Sample Answer
PMO Assessment and Sustainable Success
Introduction
Project Management Offices (PMOs) are increasingly critical in organisations as strategic enablers for managing complex projects, programmes, and portfolios. To ensure that a PMO remains effective and aligned with organisational goals, it must not only provide technical support but also maintain strong infrastructure through continuous assessment. Project management (PM) assessment, in this context, acts as a foundational tool for infrastructure management, enabling the PMO to evolve, improve, and sustain value delivery. This essay defines PM assessment within PMO infrastructure, outlines its core domains, distinguishes it from project auditing, and uses the TD Bank N.A. enterprise‑wide PMO (2013) case study to illustrate how assessment contributed to growth. Finally, it summarises how PM assessment drives PMO success.
Defining PM Assessment in the Context of PMO Infrastructure
PM assessment refers to the systematic evaluation of a PMO’s capabilities, maturity, structure, processes, and its human and technical resources (The Complete Project Management Office Handbook). In the infrastructure management role of a PMO, assessment is not about checking individual projects but about measuring the PMO’s health as an organisational unit. It evaluates competency, capability, and maturity, in other words, how skilled the PMO team is, how capable the office is of supporting projects, and how mature its frameworks and processes are (Project Management Office Handbook).
Assessment of this kind enables the PMO to set a baseline (where it is now), identify gaps, and plan improvement strategies. Rather than simply reacting to problems, assessments are proactive; they guide long-term development and lay the groundwork for sustainable, strategic support to the business.

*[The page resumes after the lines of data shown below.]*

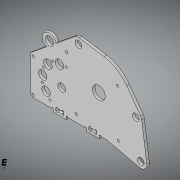
# Autodesk Inventor part: 新型４アームフレーム新
Saved by Autodesk Inventor 2019 (Build 230136000, 136)
## iProperties
Created: 2019-09-30
Part Number: 新型４アームフレーム新
Material: 一般
Document SubType Name: Modeling
Designer: tanjihayato
Density: 1 g/cm^3
Appearance: 既定
Author: tanjihayato
Autodesk Inventor part; units mm, degrees
ref_plane "YZ Plane" through (0, 0, 0) normal (1, 0, 0) x (0, 1, 0)
ref_plane "XZ Plane" through (0, 0, 0) normal (0, 1, 0) x (-1, 0, 0)
ref_plane "XY Plane" through (0, 0, 0) normal (0, 0, 1) x (1, 0, 0)
sketch "スケッチ1" plane through (0, 0, 0) normal (0, 0, 1) x (1, 0, 0)
  circle A0 centre (-22.9427, -32.8237) radius 14
  circle A1 centre (5.0573, -32.8237) radius 14
  line L0 (-174.7493, -46.8237) -> (173.7138, -46.8237)
  line L1 (-168.9427, 85.6498) -> (-168.9427, -143.3841)
  line L2 (181.0573, 70.1234) -> (181.0573, -176.3692)
  line L3 (-68.9427, 93.6608) -> (-68.9427, -144.401)
  circle A2 centre (-138.9427, -9.8237) radius 4.5
  circle A3 centre (-32.6636, -19.9769) radius 20.05
  circle A4 centre (-50.9427, -32.8237) radius 14
  circle A5 centre (-48.8152, -4.5402) radius 14
  circle A6 centre (-32.6636, -19.9769) radius 9.0359
  circle A7 centre (10.5145, -3.7237) radius 37.1
  circle A8 centre (-48.8152, -4.5402) radius 2.292
  circle A9 centre (-48.8152, -4.5402) radius 2.792
  circle A10 centre (10.5145, -3.7237) radius 39.1
  circle A11 centre (53.6032, -6.8237) radius 33.1
  circle A12 centre (53.6032, -6.8237) radius 35.1
  line L4 (-120.6193, -91.8237) -> (100.4081, -91.8237)
  circle A13 centre (10.5145, -3.7237) radius 10.1
  circle A14 centre (10.5145, -3.7237) radius 12.1
  circle A15 centre (-32.6636, -19.9769) radius 20.55
  line L5 (53.6032, -6.8237) -> (32.39, 14.3895)
  line L6 (53.6032, -6.8237) -> (97.5006, -47.7262)
  line L7 (97.5006, -47.7262) -> (57.2048, -10.293)
  line L8 (57.2048, -10.293) -> (32.39, 14.3895)
  circle A16 centre (32.39, 14.3895) radius 1.5
  circle A17 centre (32.39, 14.3895) radius 4.5
  circle A18 centre (-54.9427, -18.301) radius 14
  circle A19 centre (-35.3456, 2.2036) radius 14
  circle A20 centre (-50.9427, -32.8237) radius 5
  circle A21 centre (-54.9427, -18.301) radius 5
  circle A22 centre (-48.8152, -4.5402) radius 5
  circle A23 centre (-35.3456, 2.2036) radius 5
  circle A24 centre (-32.6636, -19.9769) radius 22.342 construction
  line L9 (-43.4189, -43.5289) -> (-55.5427, -26.2785) construction
  line L10 (-55.5427, -26.2785) -> (-54.3426, -10.3236) construction
  line L11 (-54.3426, -10.3236) -> (-43.2878, 1.2432) construction
  line L12 (-43.2878, 1.2432) -> (-22.1495, 3.7992) construction
  circle A25 centre (-35.3456, 2.2036) radius 8
  circle A26 centre (-48.8152, -4.5402) radius 8
  circle A27 centre (-54.9427, -18.301) radius 8
  circle A28 centre (-50.9427, -32.8237) radius 8
  circle A29 centre (-46.3426, -39.3689) radius 1.3
  circle A30 centre (-55.5427, -26.2785) radius 1.3
  circle A31 centre (-54.3426, -10.3236) radius 1.3
  circle A32 centre (-43.2878, 1.2432) radius 1.3
  circle A33 centre (-27.4035, 3.1639) radius 1.3
  circle A34 centre (-35.3456, 2.2036) radius 5.5 construction
  line L13 (-89.4402, -42.8237) -> (131.6872, -42.8237)
  circle A35 centre (53.6032, -6.8237) radius 3
  circle A36 centre (97.5006, -47.7262) radius 7.025
  circle A37 centre (97.5006, -47.7262) radius 10.025
  circle A38 centre (57.2048, -10.293) radius 5
  line L14 (60.2589, -6.3341) -> (103.6241, -39.7887)
  line L15 (90.035, -54.4169) -> (53.4813, -13.63)
  point P0 (0, 0)
  point P1 (0, 0)
  point P2 (0, 0)
  dimension "d0" = 350
  dimension "d1" = 100
  dimension "d2" = 30
  dimension "d3" = 40.1
  dimension "d4" = 28
  dimension "d5" = 28
  dimension "d6" = 22.342
  dimension "d7" = 22.342
  dimension "d9" = 74.2
  dimension "d10" = 0.5
  dimension "d11" = 2
  dimension "d13" = 66.2
  dimension "d14" = 2
  dimension "d15" = 45
  dimension "d16" = 85
  dimension "d17" = 2
  dimension "d18" = 0.5
  dimension "d19" = 30
  dimension "d20" = 60
  dimension "d21" = 55
  dimension "d22" = 35
  dimension "d23" = 45
  dimension "d24" = 3
  dimension "d25" = 3
  dimension "d26" = 28
  dimension "d27" = 28
  dimension "d28" = 22.342
  dimension "d29" = 22.342
  dimension "d30" = 10
  dimension "d31" = 10
  dimension "d32" = 10
  dimension "d33" = 10
  dimension "d34" = 3
  dimension "d35" = 3
  dimension "d36" = 3
  dimension "d37" = 3
  dimension "d38" = 2.6
  dimension "d39" = 2.6
  dimension "d40" = 2.6
  dimension "d41" = 2.6
  dimension "d42" = 2.6
  dimension "d43" = 11
  dimension "d44" = 20.2
  dimension "d45" = 4
  dimension "d46" = 6
  dimension "d48" = 46.1359
  dimension "d60" = 14.05
  dimension "d61" = 3
  dimension "d62" = 10
  constraints: 38 centre point, 32 end point, 14 coincident, 12 point on circle, 10 tangent, 7 point on line, 4 vertical, 3 horizontal, 2 midpoint, 1 equal radius, 9 other
  measures "d0" distance between parallel lines of L2 L1
  measures "d1" distance between parallel lines of L1 L3
  measures "d2" distance from line of L1 A2.centre
  measures "d3" diameter of A3
  measures "d4" diameter of A4
  measures "d5" diameter of A5
  measures "d6" distance of A5.centre A3.centre
  measures "d7" distance of A4.centre A3.centre
  measures "d9" diameter of A7
  measures "d10" radial gap between concentric circles of A8 A9
  measures "d11" radial gap between concentric circles of A7 A10
  measures "d13" diameter of A11
  measures "d14" radial gap between concentric circles of A11 A12
  measures "d15" distance between parallel lines of L4 L0
  measures "d16" distance from line of L4 L5.start
  measures "d17" radial gap between concentric circles of A13 A14
  measures "d18" radial gap between concentric circles of A3 A15
  measures "d19" distance of L5.start L5.end
  measures "d20" distance of L5.start L6.end
  measures "d21" distance of L6.end L7.end
  measures "d22" distance of L7.end L5.end
  measures "d23" angle of L0 L5
  measures "d24" diameter of A16
  measures "d25" radial gap between concentric circles of A16 A17
  measures "d26" diameter of A18
  measures "d27" diameter of A19
  measures "d28" distance of A3.centre A19.centre
  measures "d29" distance of A3.centre A18.centre
  measures "d30" diameter of A20
  measures "d31" diameter of A21
  measures "d32" diameter of A22
  measures "d33" diameter of A23
  measures "d34" radial gap between concentric circles of A23 A25
  measures "d35" radial gap between concentric circles of A22 A26
  measures "d36" radial gap between concentric circles of A21 A27
  measures "d37" radial gap between concentric circles of A20 A28
  measures "d38" diameter of A29
  measures "d39" diameter of A30
  measures "d40" diameter of A31
  measures "d41" diameter of A32
  measures "d42" diameter of A33
  measures "d43" diameter of A34
  measures "d44" diameter of A13
  measures "d45" distance between parallel lines of L0 L13
  measures "d46" diameter of A35
  measures "d48" distance of A3.centre A13.centre
  measures "d60" diameter of A36
  measures "d61" radial gap between concentric circles of A36 A37
  measures "d62" diameter of A38
sketch "スケッチ2" plane through (0, 0, 0) normal (0, 0, 1) x (1, 0, 0)
  circle A0 centre (-47.2698, 19.7966) radius 5.025
  circle A1 centre (-64.0841, -20.5754) radius 1.5
  line L0 (-60.2999, -17.1214) -> (-60.1004, -16.784)
  arc A2 (-59.1969, -16.2937) -> (-60.1004, -16.784) centre (-59.2396, -17.2928) ccw
  arc A3 (-59.1969, -16.2937) -> (-55.0576, -13.6829) centre (-59.0136, -11.9976) ccw
  arc A4 (-54.227, -13.0788) -> (-55.0576, -13.6829) centre (-54.1376, -14.0748) ccw
  arc A5 (-54.227, -13.0788) -> (-49.4577, -10.9346) centre (-54.9427, -5.1109) ccw
  arc A6 (-48.2633, -10.8017) -> (-49.4577, -10.9346) centre (-48.7721, -11.6625) ccw
  line L1 (-48.2633, -10.8017) -> (-43.4665, -13.6371)
  arc A7 (-43.0029, -14.7312) -> (-43.4665, -13.6371) centre (-43.9754, -14.498) ccw
  arc A8 (-43.0029, -14.7312) -> (-42.2107, -20.2197) centre (-35.7096, -16.4799) ccw
  arc A9 (-42.346, -21.4001) -> (-42.2107, -20.2197) centre (-43.0775, -20.7183) ccw
  line L2 (-42.346, -21.4001) -> (-46.1452, -25.4763)
  arc A10 (-47.3285, -25.6866) -> (-46.1452, -25.4763) centre (-46.8767, -24.7945) ccw
  arc A11 (-47.3285, -25.6866) -> (-52.5094, -24.9786) centre (-50.9427, -32.8237) ccw
  arc A12 (-53.4769, -24.634) -> (-52.5094, -24.9786) centre (-52.7053, -23.998) ccw
  arc A13 (-53.4769, -24.634) -> (-58.1856, -23.3003) centre (-56.7949, -27.3692) ccw
  arc A14 (-59.1909, -23.0856) -> (-58.1856, -23.3003) centre (-58.509, -22.354) ccw
  line L3 (-59.1909, -23.0856) -> (-59.4776, -22.8183)
  arc A15 (-59.7573, -21.812) -> (-59.4776, -22.8183) centre (-58.7958, -22.0868) ccw
  arc A16 (-59.7573, -21.812) -> (-60.2836, -18.1658) centre (-64.0841, -20.5754) ccw
  arc A17 (-60.2999, -17.1214) -> (-60.2836, -18.1658) centre (-59.439, -17.6303) ccw
  line L4 (-59.6973, -41.892) -> (-56.6977, -39.4479)
  arc A18 (-55.4968, -39.4009) -> (-56.6977, -39.4479) centre (-56.066, -40.2231) ccw
  arc A19 (-55.4968, -39.4009) -> (-49.3759, -40.6688) centre (-50.9427, -32.8237) ccw
  arc A20 (-48.4085, -41.0133) -> (-49.3759, -40.6688) centre (-49.1801, -41.6494) ccw
  arc A21 (-48.4085, -41.0133) -> (-47.3017, -41.966) centre (-45.0905, -38.2782) ccw
  arc A22 (-47.816, -43.8237) -> (-47.3017, -41.966) centre (-47.816, -42.8237) ccw
  line L5 (-47.816, -43.8237) -> (-59.0344, -43.8237)
  arc A23 (-60.0177, -43.0055) -> (-59.0344, -43.8237) centre (-59.0344, -42.8237) ccw
  arc A24 (-60.0177, -43.0055) -> (-60.0433, -42.8775) centre (-64.4427, -43.8237) ccw
  arc A25 (-59.6973, -41.892) -> (-60.0433, -42.8775) centre (-59.0656, -42.6672) ccw
  circle A26 centre (-64.4427, 8.987) radius 1.5
  line L6 (-18.7729, 14.1262) -> (-22.731, 11.1451)
  arc A27 (-23.9329, 11.144) -> (-22.731, 11.1451) centre (-23.3326, 11.9439) ccw
  arc A28 (-23.9329, 11.144) -> (-33.4471, 11.2103) centre (-28.7348, 4.7455) ccw
  arc A29 (-34.4699, 11.1174) -> (-33.4471, 11.2103) centre (-34.0361, 12.0184) ccw
  arc A30 (-34.4699, 11.1174) -> (-39.3039, 10.3536) centre (-36.335, 7.243) ccw
  arc A31 (-40.3065, 10.1269) -> (-39.3039, 10.3536) centre (-39.9943, 11.077) ccw
  line L7 (-40.3065, 10.1269) -> (-40.6789, 10.2493)
  arc A32 (-41.3548, 11.0456) -> (-40.6789, 10.2493) centre (-40.3667, 11.1993) ccw
  arc A33 (-41.3548, 11.0456) -> (-41.5389, 11.7966) centre (-45.8013, 10.3537) ccw
  arc A34 (-40.8249, 13.0896) -> (-41.5389, 11.7966) centre (-40.5917, 12.1172) ccw
  line L8 (-40.8249, 13.0896) -> (-19.5219, 18.1985)
  arc A35 (-18.3194, 16.9804) -> (-19.5219, 18.1985) centre (-19.2887, 17.226) ccw
  arc A36 (-18.3194, 16.9804) -> (-18.3895, 15.0977) centre (-13.9572, 15.8752) ccw
  arc A37 (-18.7729, 14.1262) -> (-18.3895, 15.0977) centre (-19.3745, 14.925) ccw
  circle A38 centre (-13.9572, 15.8752) radius 1.5
  circle A39 centre (21.0458, -37.8866) radius 1.5
  circle A40 centre (30.9378, -6.8237) radius 4.025
  circle A41 centre (-45.0905, -38.2782) radius 1.3
  circle A42 centre (-21.1346, 2.248) radius 1.3
  circle A43 centre (-50.8718, 1.7759) radius 1.3
  arc A44 (-24.4868, -35.136) -> (-25.456, -34.9678) centre (-25.7365, -39.459) ccw
  arc A45 (-26.3109, -34.3678) -> (-25.456, -34.9678) centre (-25.3936, -33.9697) ccw
  line L9 (-26.3109, -34.3678) -> (-31.0992, -23.3351)
  arc A46 (-30.8322, -22.1773) -> (-31.0992, -23.3351) centre (-30.1819, -22.937) ccw
  arc A47 (-30.8322, -22.1773) -> (-28.4693, -18.4362) centre (-35.7096, -16.4799) ccw
  arc A48 (-27.5385, -17.6976) -> (-28.4693, -18.4362) centre (-27.5039, -18.697) ccw
  line L10 (-27.5385, -17.6976) -> (-14.2955, -17.2386)
  arc A49 (-13.2929, -17.9869) -> (-14.2955, -17.2386) centre (-14.2608, -18.238) ccw
  arc A50 (-13.2929, -17.9869) -> (-11.8048, -21.2653) centre (-3.1292, -15.3507) ccw
  arc A51 (-11.9016, -22.5127) -> (-11.8048, -21.2653) centre (-12.6311, -21.8286) ccw
  line L11 (-11.9016, -22.5127) -> (-23.4796, -34.8594)
  arc A52 (-24.4868, -35.136) -> (-23.4796, -34.8594) centre (-24.2091, -34.1754) ccw
  arc A53 (-29.2087, -36.5965) -> (-30.2266, -39.7574) centre (-25.7365, -39.459) ccw
  arc A54 (-31.2244, -40.8237) -> (-30.2266, -39.7574) centre (-31.2244, -39.8237) ccw
  line L12 (-31.2244, -40.8237) -> (-40.0208, -40.8237)
  arc A55 (-40.9773, -39.5321) -> (-40.0208, -40.8237) centre (-40.0208, -39.8237) ccw
  arc A56 (-40.9773, -39.5321) -> (-42.5952, -34.7762) centre (-45.0905, -38.2782) ccw
  arc A57 (-43.0069, -33.8353) -> (-42.5952, -34.7762) centre (-42.0149, -33.9618) ccw
  arc A58 (-43.0069, -33.8353) -> (-44.0772, -28.7169) centre (-50.9427, -32.8237) ccw
  arc A59 (-43.9506, -27.5218) -> (-44.0772, -28.7169) centre (-43.219, -28.2036) ccw
  line L13 (-43.9506, -27.5218) -> (-40.1514, -23.4456)
  arc A60 (-38.9834, -23.2277) -> (-40.1514, -23.4456) centre (-39.4199, -24.1274) ccw
  arc A61 (-38.9834, -23.2277) -> (-34.8793, -23.9338) centre (-35.7096, -16.4799) ccw
  arc A62 (-33.8512, -24.5295) -> (-34.8793, -23.9338) centre (-34.7685, -24.9276) ccw
  line L14 (-33.8512, -24.5295) -> (-29.0629, -35.5622)
  arc A63 (-29.2087, -36.5965) -> (-29.0629, -35.5622) centre (-29.9803, -35.9603) ccw
  circle A64 centre (-25.7365, -39.459) radius 1.5
  line L15 (2.7111, -40.8237) -> (-3.9575, -40.8237)
  line L16 (-3.9575, -40.8237) -> (-3.9575, -42.8237)
  arc A65 (-4.9575, -43.8237) -> (-3.9575, -42.8237) centre (-4.9575, -42.8237) ccw
  line L17 (-4.9575, -43.8237) -> (-21.3858, -43.8237)
  arc A66 (-22.1768, -42.2119) -> (-21.3858, -43.8237) centre (-21.3858, -42.8237) ccw
  arc A67 (-22.1768, -42.2119) -> (-21.5027, -37.9343) centre (-25.7365, -39.459) ccw
  arc A68 (-21.2913, -36.9115) -> (-21.5027, -37.9343) centre (-20.5618, -37.5955) ccw
  line L18 (-21.2913, -36.9115) -> (-9.7133, -24.5648)
  arc A69 (-8.4747, -24.3881) -> (-9.7133, -24.5648) centre (-8.9838, -25.2488) ccw
  arc A70 (-8.4747, -24.3881) -> (-1.928, -25.7817) centre (-3.1292, -15.3507) ccw
  arc A71 (-0.8688, -26.4475) -> (-1.928, -25.7817) centre (-1.8136, -26.7752) ccw
  line L19 (-0.8688, -26.4475) -> (3.6559, -39.4961)
  arc A72 (2.7111, -40.8237) -> (3.6559, -39.4961) centre (2.7111, -39.8237) ccw
  line L20 (-59.0898, 10.8835) -> (-51.3735, 11.4492)
  arc A73 (-50.3006, 10.434) -> (-51.3735, 11.4492) centre (-51.3004, 10.4518) ccw
  arc A74 (-50.3006, 10.434) -> (-49.6018, 7.944) centre (-45.8013, 10.3537) ccw
  arc A75 (-49.5855, 6.8997) -> (-49.6018, 7.944) centre (-50.4463, 7.4085) ccw
  line L21 (-49.5855, 6.8997) -> (-49.785, 6.5622)
  arc A76 (-50.6884, 6.072) -> (-49.785, 6.5622) centre (-50.6458, 7.0711) ccw
  arc A77 (-50.6884, 6.072) -> (-54.8278, 3.4611) centre (-50.8718, 1.7759) ccw
  arc A78 (-55.6583, 2.8571) -> (-54.8278, 3.4611) centre (-55.7478, 3.853) ccw
  arc A79 (-55.6583, 2.8571) -> (-57.3945, 2.5042) centre (-54.9427, -5.1109) ccw
  arc A80 (-58.5302, 2.8972) -> (-57.3945, 2.5042) centre (-57.7009, 3.456) ccw
  line L22 (-58.5302, 2.8972) -> (-60.4611, 5.7626)
  arc A81 (-60.5065, 6.8061) -> (-60.4611, 5.7626) centre (-59.6318, 6.3214) ccw
  arc A82 (-60.5065, 6.8061) -> (-60.0032, 9.7227) centre (-64.4427, 8.987) ccw
  arc A83 (-59.0898, 10.8835) -> (-60.0032, 9.7227) centre (-59.0167, 9.8861) ccw
  line L23 (-41.6154, 7.3992) -> (-41.243, 7.2769)
  arc A84 (-40.5703, 6.4997) -> (-41.243, 7.2769) centre (-41.5552, 6.3268) ccw
  arc A85 (-40.5703, 6.4997) -> (-37.1316, 3.0174) centre (-36.335, 7.243) ccw
  arc A86 (-36.3633, 2.3359) -> (-37.1316, 3.0174) centre (-37.3169, 2.0347) ccw
  arc A87 (-36.3633, 2.3359) -> (-33.2452, -1.8618) centre (-28.7348, 4.7455) ccw
  arc A88 (-32.8589, -2.9999) -> (-33.2452, -1.8618) centre (-33.809, -2.6878) ccw
  line L24 (-32.8589, -2.9999) -> (-34.5985, -8.2936)
  arc A89 (-35.5675, -8.9812) -> (-34.5985, -8.2936) centre (-35.5485, -7.9814) ccw
  arc A90 (-35.5675, -8.9812) -> (-40.7579, -10.9333) centre (-35.7096, -16.4799) ccw
  arc A91 (-41.9399, -11.0546) -> (-40.7579, -10.9333) centre (-41.431, -10.1938) ccw
  line L25 (-41.9399, -11.0546) -> (-46.7367, -8.2191)
  arc A92 (-47.1961, -7.1086) -> (-46.7367, -8.2191) centre (-46.2278, -7.3583) ccw
  arc A93 (-47.1961, -7.1086) -> (-47.6169, -1.8964) centre (-54.9427, -5.1109) ccw
  arc A94 (-47.4881, -0.8775) -> (-47.6169, -1.8964) centre (-46.7012, -1.4946) ccw
  arc A95 (-47.4881, -0.8775) -> (-47.1963, 4.0077) centre (-50.8718, 1.7759) ccw
  arc A96 (-47.2024, 5.0356) -> (-47.1963, 4.0077) centre (-46.3416, 4.5268) ccw
  line L26 (-47.2024, 5.0356) -> (-47.0029, 5.3731)
  arc A97 (-46.0801, 5.8623) -> (-47.0029, 5.3731) centre (-46.1421, 4.8642) ccw
  arc A98 (-46.0801, 5.8623) -> (-42.6319, 7.1591) centre (-45.8013, 10.3537) ccw
  arc A99 (-41.6154, 7.3992) -> (-42.6319, 7.1591) centre (-41.9276, 6.4492) ccw
  circle A100 centre (-45.8013, 10.3537) radius 1.5
  arc A101 (-63.8052, -16.084) -> (-64.7866, -16.1306) centre (-64.0841, -20.5754) ccw
  arc A102 (-65.9427, -15.1428) -> (-64.7866, -16.1306) centre (-64.9427, -15.1428) ccw
  line L27 (-65.9427, -15.1428) -> (-65.9427, 3.5098)
  arc A103 (-64.8518, 4.5056) -> (-65.9427, 3.5098) centre (-64.9427, 3.5098) ccw
  arc A104 (-64.8518, 4.5056) -> (-63.899, 4.52) centre (-64.4427, 8.987) ccw
  arc A105 (-62.9489, 4.0861) -> (-63.899, 4.52) centre (-63.7782, 3.5273) ccw
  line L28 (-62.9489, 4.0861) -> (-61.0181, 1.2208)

Primary Domains of PMO Assessment
To understand what a PMO assessment covers, we can draw on established frameworks and research. According to PMI’s Pulse of the Profession – PMO Frameworks, PMOs typically operate across key domains.
Key domains (or workstreams) for assessment include:
-
Standards, Methodologies, and Processes - How well the PMO defines and maintains project management standards, processes, and metrics.
-
Project / Program Delivery Management - Including resource management, risk management, stakeholder communication, and integration.
-
Portfolio Management - How the PMO aligns projects with strategic priorities, manages investment, and tracks benefits.
-
Talent Management - Training, career paths, PM competency development, and certification.
-
Governance and Performance Management - Reporting, metrics (KPIs), compliance, financial oversight, and escalation.
-
Organisational Change Management - Stakeholder readiness, managing resistance, and communications.
-
Administration and Support - Tools (software), IT support, consulting, and secretarial / administrative help.
-
Knowledge Management - Lessons learned, knowledge sharing, documentation, and intellectual capital.
-
Strategic Planning - Environmental scanning, aligning business goals with PMO initiatives.
In addition, domain models such as PMO‑MI (PMO Maturity & Impact) assess services, structure, integration, and more “tacit” skills (e.g., stakeholder relationships) in a PMO.
These domains give a comprehensive picture: assessing a PMO is not just about checking processes, but also evaluating people, governance, strategy, and knowledge systems.